[Items from a data source]
-- Opening Marker --
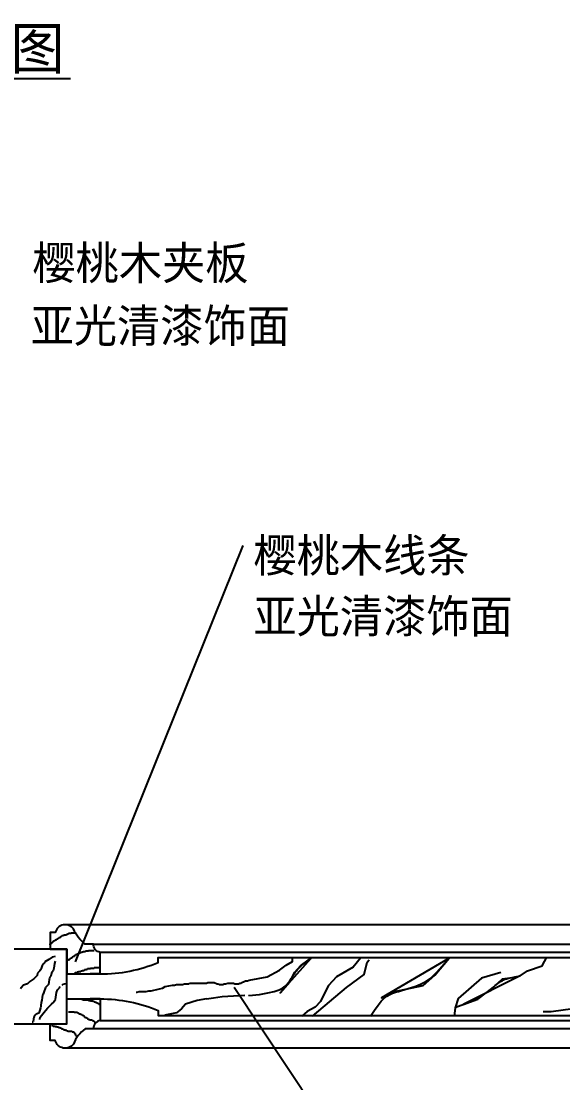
# Model space of a CAD drawing. Header units: metres. Extents: x 139 to 5307, y 329 to 6874.
# Drawn here: x 1506 to 2483, y 1463 to 3378 of the extents above; entities that cross this region are included whole.
import ezdxf

# ---------------------------------------------------------------- set-up
doc = ezdxf.new("R2010")
doc.units = ezdxf.units.M
for name, color, linetype in [('3', 3, 'Continuous'), ('4', 4, 'Continuous'), ('7', 7, 'Continuous'), ('BH', 3, 'Continuous'), ('DIM', 3, 'Continuous'), ('TEXT', 3, 'Continuous')]:
    doc.layers.add(name, color=color, linetype=linetype)
doc.dimstyles.get("Standard").update_dxf_attribs({"dimtxt": 2.5, "dimasz": 2.5, "dimexe": 1.25, "dimexo": 0.625, "dimtad": 1, "dimcen": 2.5, "dimazin": 3, "dimtfac": 1, "dimtmove": 0, "dimatfit": 3})

msp = doc.modelspace()

# ---------------------------------------------------------------- linework, layer by layer
at = {"layer": '3'}
for p, q in [((1573.58, 1723.78), (1573.58, 1724.64)), ((1573.58, 1724.64), (1575.3, 1724.64)), ((1575.3, 1724.64), (1575.3, 1725.5)), ((1575.3, 1725.5), (1577.02, 1725.5)), ((1577.02, 1725.5), (1577.02, 1726.35)), ((1577.02, 1726.35), (1577.88, 1726.35)), ((1577.88, 1726.35), (1577.88, 1727.21)), ((1577.88, 1727.21), (1578.74, 1727.21)), ((1578.74, 1727.21), (1578.74, 1728.07)), ((1578.74, 1728.07), (1581.32, 1728.07)), ((1581.32, 1728.07), (1581.32, 1728.93)), ((1581.32, 1728.93), (1583.04, 1728.93)), ((1583.04, 1728.93), (1583.04, 1729.79)), ((1583.04, 1729.79), (1587.34, 1729.79)), ((1587.34, 1729.79), (1587.34, 1730.65)), ((1587.34, 1730.65), (1589.91, 1730.65)), ((1589.91, 1730.65), (1589.91, 1731.51)), ((1589.91, 1731.51), (1590.77, 1731.51)), ((1590.77, 1731.51), (1590.77, 1732.37)), ((1590.77, 1732.37), (1595.93, 1732.37)), ((1595.93, 1732.37), (1595.93, 1733.22)), ((1595.93, 1733.22), (1604.52, 1733.22)), ((1558.11, 1711.75), (1558.11, 1713.47)), ((1558.11, 1713.47), (1559.83, 1713.47)), ((1559.83, 1713.47), (1559.83, 1714.33)), ((1559.83, 1714.33), (1560.69, 1714.33)), ((1560.69, 1714.33), (1560.69, 1715.19)), ((1560.69, 1715.19), (1561.55, 1715.19)), ((1561.55, 1715.19), (1561.55, 1716.05)), ((1561.55, 1716.05), (1562.41, 1716.05)), ((1562.41, 1716.05), (1562.41, 1716.91)), ((1562.41, 1716.91), (1563.27, 1716.91)), ((1563.27, 1716.91), (1563.27, 1717.77)), ((1563.27, 1717.77), (1564.13, 1717.77)), ((1564.13, 1717.77), (1564.13, 1718.62)), ((1564.13, 1718.62), (1564.99, 1718.62)), ((1564.99, 1718.62), (1564.99, 1719.48)), ((1564.99, 1719.48), (1566.71, 1719.48)), ((1566.71, 1719.48), (1566.71, 1720.34)), ((1566.71, 1720.34), (1568.43, 1720.34)), ((1568.43, 1720.34), (1568.43, 1721.2)), ((1568.43, 1721.2), (1570.15, 1721.2)), ((1570.15, 1721.2), (1570.15, 1722.06)), ((1570.15, 1722.06), (1571.87, 1722.06)), ((1571.87, 1722.06), (1571.87, 1723.78)), ((1571.87, 1723.78), (1573.58, 1723.78)), ((1635.98, 1712.86), (3467.48, 1712.86)), ((1593.35, 1685.13), (1593.35, 1686.85)), ((1593.35, 1686.85), (1595.07, 1686.85)), ((1595.07, 1686.85), (1595.07, 1687.71)), ((1595.07, 1687.71), (1596.79, 1687.71)), ((1596.79, 1687.71), (1596.79, 1688.57)), ((1596.79, 1688.57), (1597.65, 1688.57)), ((1597.65, 1688.57), (1597.65, 1689.42)), ((1597.65, 1689.42), (1598.51, 1689.42)), ((1598.51, 1689.42), (1598.51, 1690.28)), ((1598.51, 1690.28), (1599.37, 1690.28)), ((1599.37, 1690.28), (1599.37, 1691.14)), ((1599.37, 1691.14), (1601.95, 1691.14)), ((1601.95, 1691.14), (1601.95, 1692)), ((1601.95, 1692), (1602.81, 1692)), ((1602.81, 1692), (1602.81, 1692.86)), ((1602.81, 1692.86), (1603.66, 1692.86)), ((1603.66, 1692.86), (1603.66, 1693.72)), ((1603.66, 1693.72), (1605.38, 1693.72)), ((1605.38, 1693.72), (1605.38, 1694.58)), ((1605.38, 1694.58), (1606.24, 1694.58)), ((1606.24, 1694.58), (1606.24, 1695.44)), ((1606.24, 1695.44), (1608.82, 1695.44)), ((1608.82, 1695.44), (1608.82, 1696.3)), ((1608.82, 1696.3), (1610.54, 1696.3)), ((1610.54, 1696.3), (1610.54, 1697.15)), ((1610.54, 1697.15), (1612.26, 1697.15)), ((1612.26, 1697.15), (1612.26, 1698.01)), ((1612.26, 1698.01), (1615.7, 1698.01)), ((1615.7, 1698.01), (1615.7, 1698.87)), ((1615.7, 1698.87), (1617.42, 1698.87)), ((1617.42, 1698.87), (1617.42, 1699.73)), ((1617.42, 1699.73), (1621.71, 1699.73)), ((1621.71, 1699.73), (1621.71, 1700.59)), ((1621.71, 1700.59), (1626.87, 1700.59)), ((1626.87, 1700.59), (1626.87, 1701.45)), ((1626.87, 1701.45), (1637.18, 1701.45)), ((3447.98, 1697.87), (1647.98, 1697.87)), ((1587.34, 1681.7), (1588.19, 1681.7)), ((1588.19, 1681.7), (1588.19, 1682.55)), ((1588.19, 1682.55), (1589.05, 1682.55)), ((1589.05, 1682.55), (1589.05, 1683.41)), ((1589.05, 1683.41), (1589.91, 1683.41)), ((1589.91, 1683.41), (1589.91, 1684.27)), ((1589.91, 1684.27), (1590.77, 1684.27)), ((1590.77, 1684.27), (1590.77, 1685.13)), ((1590.77, 1685.13), (1593.35, 1685.13)), ((1625.15, 1667.1), (1623.43, 1667.1)), ((1623.43, 1667.1), (1623.43, 1666.24)), ((1630.31, 1667.95), (1625.15, 1667.95)), ((1625.15, 1667.95), (1625.15, 1667.1)), ((1637.18, 1668.81), (1630.31, 1668.81)), ((1630.31, 1668.81), (1630.31, 1667.95)), ((1647.5, 1669.67), (1637.18, 1669.67)), ((1637.18, 1669.67), (1637.18, 1668.81)), ((1602.81, 1660.22), (1601.95, 1660.22)), ((1606.24, 1661.08), (1602.81, 1661.08)), ((1602.81, 1661.08), (1602.81, 1660.22)), ((1608.82, 1661.94), (1606.24, 1661.94)), ((1606.24, 1661.94), (1606.24, 1661.08)), ((1613.12, 1662.8), (1608.82, 1662.8)), ((1608.82, 1662.8), (1608.82, 1661.94)), ((1615.7, 1663.66), (1613.12, 1663.66)), ((1613.12, 1663.66), (1613.12, 1662.8)), ((1618.28, 1664.52), (1615.7, 1664.52)), ((1615.7, 1664.52), (1615.7, 1663.66)), ((1619.99, 1665.38), (1618.28, 1665.38)), ((1618.28, 1665.38), (1618.28, 1664.52)), ((1623.43, 1666.24), (1619.99, 1666.24)), ((1619.99, 1666.24), (1619.99, 1665.38)), ((1914.1, 1646.28), (1916.66, 1647.56)), ((1739.95, 1628.37), (1745.07, 1629.65)), ((1745.07, 1629.65), (1750.2, 1630.93)), ((1750.2, 1630.93), (1755.32, 1632.21)), ((1755.32, 1632.21), (1760.44, 1633.48)), ((1760.44, 1633.48), (1765.56, 1636.04)), ((1765.56, 1636.04), (1778.37, 1638.6)), ((1778.37, 1638.6), (1782.21, 1638.6)), ((1782.21, 1638.6), (1786.05, 1639.88)), ((1786.05, 1639.88), (1796.3, 1639.88)), ((1796.3, 1639.88), (1800.14, 1641.16)), ((1800.14, 1641.16), (1807.82, 1641.16)), ((1807.82, 1641.16), (1809.1, 1642.44)), ((1809.1, 1642.44), (1839.83, 1642.44)), ((1839.83, 1642.44), (1842.39, 1643.72)), ((1842.39, 1643.72), (1853.92, 1643.72)), ((1853.92, 1643.72), (1859.04, 1641.16)), ((1859.04, 1641.16), (1861.6, 1641.16)), ((1861.6, 1641.16), (1862.88, 1639.88)), ((1862.88, 1639.88), (1869.29, 1639.88)), ((1869.29, 1639.88), (1871.85, 1641.16)), ((1871.85, 1641.16), (1874.41, 1641.16)), ((1874.41, 1641.16), (1878.25, 1642.44)), ((1878.25, 1642.44), (1888.49, 1642.44)), ((1888.49, 1642.44), (1891.05, 1641.16)), ((1891.05, 1641.16), (1897.46, 1641.16)), ((1897.46, 1641.16), (1900.02, 1642.44)), ((1900.02, 1642.44), (1902.58, 1642.44)), ((1902.58, 1642.44), (1903.86, 1643.72)), ((1903.86, 1643.72), (1907.7, 1645)), ((1907.7, 1645), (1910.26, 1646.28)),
-- Closing Marker --
> _DIRECTIONS FOR THIS TASK_:
Only lines belong in the copy, not pictures: write out exactly the lines of the records from the first through the one holding "layer by layer".

> _EXPECTED OUTPUT_:
# Model space of a CAD drawing. Header units: metres. Extents: x 139 to 5307, y 329 to 6874.
# Drawn here: x 1506 to 2483, y 1463 to 3378 of the extents above; entities that cross this region are included whole.
import ezdxf

# ---------------------------------------------------------------- set-up
doc = ezdxf.new("R2010")
doc.units = ezdxf.units.M
for name, color, linetype in [('3', 3, 'Continuous'), ('4', 4, 'Continuous'), ('7', 7, 'Continuous'), ('BH', 3, 'Continuous'), ('DIM', 3, 'Continuous'), ('TEXT', 3, 'Continuous')]:
    doc.layers.add(name, color=color, linetype=linetype)
doc.dimstyles.get("Standard").update_dxf_attribs({"dimtxt": 2.5, "dimasz": 2.5, "dimexe": 1.25, "dimexo": 0.625, "dimtad": 1, "dimcen": 2.5, "dimazin": 3, "dimtfac": 1, "dimtmove": 0, "dimatfit": 3})

msp = doc.modelspace()

# ---------------------------------------------------------------- linework, layer by layer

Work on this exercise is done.